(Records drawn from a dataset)
+++
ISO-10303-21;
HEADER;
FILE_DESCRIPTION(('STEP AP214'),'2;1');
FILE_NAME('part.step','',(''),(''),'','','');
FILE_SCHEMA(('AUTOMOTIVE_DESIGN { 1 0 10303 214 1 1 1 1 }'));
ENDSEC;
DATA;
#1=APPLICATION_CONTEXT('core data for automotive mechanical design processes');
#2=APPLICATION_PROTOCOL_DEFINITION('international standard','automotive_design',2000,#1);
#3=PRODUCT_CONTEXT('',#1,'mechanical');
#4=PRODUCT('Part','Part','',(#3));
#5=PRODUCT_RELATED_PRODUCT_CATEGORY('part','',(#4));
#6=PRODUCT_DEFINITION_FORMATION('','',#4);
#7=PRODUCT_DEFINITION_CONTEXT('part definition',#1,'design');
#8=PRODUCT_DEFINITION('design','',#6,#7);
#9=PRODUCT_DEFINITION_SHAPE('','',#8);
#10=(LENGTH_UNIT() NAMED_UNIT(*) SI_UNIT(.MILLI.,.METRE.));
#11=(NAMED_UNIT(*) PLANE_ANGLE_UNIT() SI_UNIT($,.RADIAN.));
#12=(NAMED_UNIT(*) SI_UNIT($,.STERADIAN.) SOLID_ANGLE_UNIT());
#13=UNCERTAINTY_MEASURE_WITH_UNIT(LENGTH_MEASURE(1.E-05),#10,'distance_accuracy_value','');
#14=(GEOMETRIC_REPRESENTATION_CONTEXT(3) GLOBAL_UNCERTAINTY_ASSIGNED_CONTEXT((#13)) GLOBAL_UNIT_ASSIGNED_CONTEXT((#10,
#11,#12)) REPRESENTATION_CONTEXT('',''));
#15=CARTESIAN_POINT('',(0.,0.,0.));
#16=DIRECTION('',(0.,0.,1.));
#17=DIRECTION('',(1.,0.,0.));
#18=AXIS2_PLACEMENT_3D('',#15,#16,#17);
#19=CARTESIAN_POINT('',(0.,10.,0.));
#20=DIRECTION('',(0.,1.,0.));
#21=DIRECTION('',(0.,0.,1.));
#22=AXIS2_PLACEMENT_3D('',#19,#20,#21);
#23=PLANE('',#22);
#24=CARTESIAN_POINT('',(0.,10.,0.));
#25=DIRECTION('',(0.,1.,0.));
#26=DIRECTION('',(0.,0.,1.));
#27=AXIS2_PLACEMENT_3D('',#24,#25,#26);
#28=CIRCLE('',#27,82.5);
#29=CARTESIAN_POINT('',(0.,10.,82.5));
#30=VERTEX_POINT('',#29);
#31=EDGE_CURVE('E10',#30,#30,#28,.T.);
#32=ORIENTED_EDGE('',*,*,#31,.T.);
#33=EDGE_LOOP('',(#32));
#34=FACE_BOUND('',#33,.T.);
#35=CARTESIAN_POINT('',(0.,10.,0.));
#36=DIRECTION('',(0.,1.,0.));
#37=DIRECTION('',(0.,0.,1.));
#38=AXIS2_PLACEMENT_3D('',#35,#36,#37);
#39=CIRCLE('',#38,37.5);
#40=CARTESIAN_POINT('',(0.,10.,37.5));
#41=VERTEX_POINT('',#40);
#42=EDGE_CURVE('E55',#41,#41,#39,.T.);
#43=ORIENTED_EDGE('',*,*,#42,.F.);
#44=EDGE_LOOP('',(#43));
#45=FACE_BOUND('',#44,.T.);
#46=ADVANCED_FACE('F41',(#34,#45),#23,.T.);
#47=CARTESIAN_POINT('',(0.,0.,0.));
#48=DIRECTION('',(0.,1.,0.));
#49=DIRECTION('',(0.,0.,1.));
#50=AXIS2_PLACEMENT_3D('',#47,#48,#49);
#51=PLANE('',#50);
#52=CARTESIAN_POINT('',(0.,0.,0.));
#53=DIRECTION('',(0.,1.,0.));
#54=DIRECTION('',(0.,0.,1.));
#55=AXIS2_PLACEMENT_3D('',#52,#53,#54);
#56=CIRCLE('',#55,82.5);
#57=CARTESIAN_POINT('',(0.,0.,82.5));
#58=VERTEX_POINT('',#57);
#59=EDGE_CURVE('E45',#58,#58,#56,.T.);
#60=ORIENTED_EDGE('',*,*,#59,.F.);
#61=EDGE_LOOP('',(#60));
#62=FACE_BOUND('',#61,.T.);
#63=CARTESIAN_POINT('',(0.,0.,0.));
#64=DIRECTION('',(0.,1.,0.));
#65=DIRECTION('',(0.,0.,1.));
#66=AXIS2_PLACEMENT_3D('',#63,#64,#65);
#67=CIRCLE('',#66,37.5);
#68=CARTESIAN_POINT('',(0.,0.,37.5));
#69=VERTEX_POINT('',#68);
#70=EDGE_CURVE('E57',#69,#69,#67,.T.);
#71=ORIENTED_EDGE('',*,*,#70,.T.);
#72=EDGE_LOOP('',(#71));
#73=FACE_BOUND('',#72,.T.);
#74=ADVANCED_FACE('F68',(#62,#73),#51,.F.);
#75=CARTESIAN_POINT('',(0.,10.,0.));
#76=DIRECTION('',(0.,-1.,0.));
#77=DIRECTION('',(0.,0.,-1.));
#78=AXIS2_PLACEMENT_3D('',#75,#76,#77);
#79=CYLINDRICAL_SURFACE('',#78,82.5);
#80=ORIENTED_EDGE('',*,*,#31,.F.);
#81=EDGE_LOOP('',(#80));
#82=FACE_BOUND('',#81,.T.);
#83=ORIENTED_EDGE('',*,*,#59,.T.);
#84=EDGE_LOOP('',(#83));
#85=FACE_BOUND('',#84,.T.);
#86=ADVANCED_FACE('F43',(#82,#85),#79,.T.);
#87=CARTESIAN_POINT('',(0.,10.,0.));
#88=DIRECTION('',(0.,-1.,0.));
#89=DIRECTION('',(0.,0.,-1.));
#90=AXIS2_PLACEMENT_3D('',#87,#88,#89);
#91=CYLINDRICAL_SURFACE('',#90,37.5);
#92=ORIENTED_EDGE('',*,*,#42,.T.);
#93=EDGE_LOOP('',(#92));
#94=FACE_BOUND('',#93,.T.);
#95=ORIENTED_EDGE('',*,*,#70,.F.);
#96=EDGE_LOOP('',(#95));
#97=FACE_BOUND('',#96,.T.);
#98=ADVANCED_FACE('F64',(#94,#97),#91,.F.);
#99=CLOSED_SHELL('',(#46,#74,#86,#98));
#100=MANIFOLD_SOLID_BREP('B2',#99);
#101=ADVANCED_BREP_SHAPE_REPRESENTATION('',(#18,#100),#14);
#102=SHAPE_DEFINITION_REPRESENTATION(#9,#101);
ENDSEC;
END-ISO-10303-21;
+++
*Work required*
As listed above, the lines from the line with "#12=(NAMED_UNIT(*) SI_UNIT($,.STERADIAN.) SOLID_ANGLE_UNIT());" to the line with "#37=DIRECTION('',(0.,0.,1.));" are to be echoed exactly, with both ends included and nothing added.

*Final answer*
#12=(NAMED_UNIT(*) SI_UNIT($,.STERADIAN.) SOLID_ANGLE_UNIT());
#13=UNCERTAINTY_MEASURE_WITH_UNIT(LENGTH_MEASURE(1.E-05),#10,'distance_accuracy_value','');
#14=(GEOMETRIC_REPRESENTATION_CONTEXT(3) GLOBAL_UNCERTAINTY_ASSIGNED_CONTEXT((#13)) GLOBAL_UNIT_ASSIGNED_CONTEXT((#10,
#11,#12)) REPRESENTATION_CONTEXT('',''));
#15=CARTESIAN_POINT('',(0.,0.,0.));
#16=DIRECTION('',(0.,0.,1.));
#17=DIRECTION('',(1.,0.,0.));
#18=AXIS2_PLACEMENT_3D('',#15,#16,#17);
#19=CARTESIAN_POINT('',(0.,10.,0.));
#20=DIRECTION('',(0.,1.,0.));
#21=DIRECTION('',(0.,0.,1.));
#22=AXIS2_PLACEMENT_3D('',#19,#20,#21);
#23=PLANE('',#22);
#24=CARTESIAN_POINT('',(0.,10.,0.));
#25=DIRECTION('',(0.,1.,0.));
#26=DIRECTION('',(0.,0.,1.));
#27=AXIS2_PLACEMENT_3D('',#24,#25,#26);
#28=CIRCLE('',#27,82.5);
#29=CARTESIAN_POINT('',(0.,10.,82.5));
#30=VERTEX_POINT('',#29);
#31=EDGE_CURVE('E10',#30,#30,#28,.T.);
#32=ORIENTED_EDGE('',*,*,#31,.T.);
#33=EDGE_LOOP('',(#32));
#34=FACE_BOUND('',#33,.T.);
#35=CARTESIAN_POINT('',(0.,10.,0.));
#36=DIRECTION('',(0.,1.,0.));
#37=DIRECTION('',(0.,0.,1.));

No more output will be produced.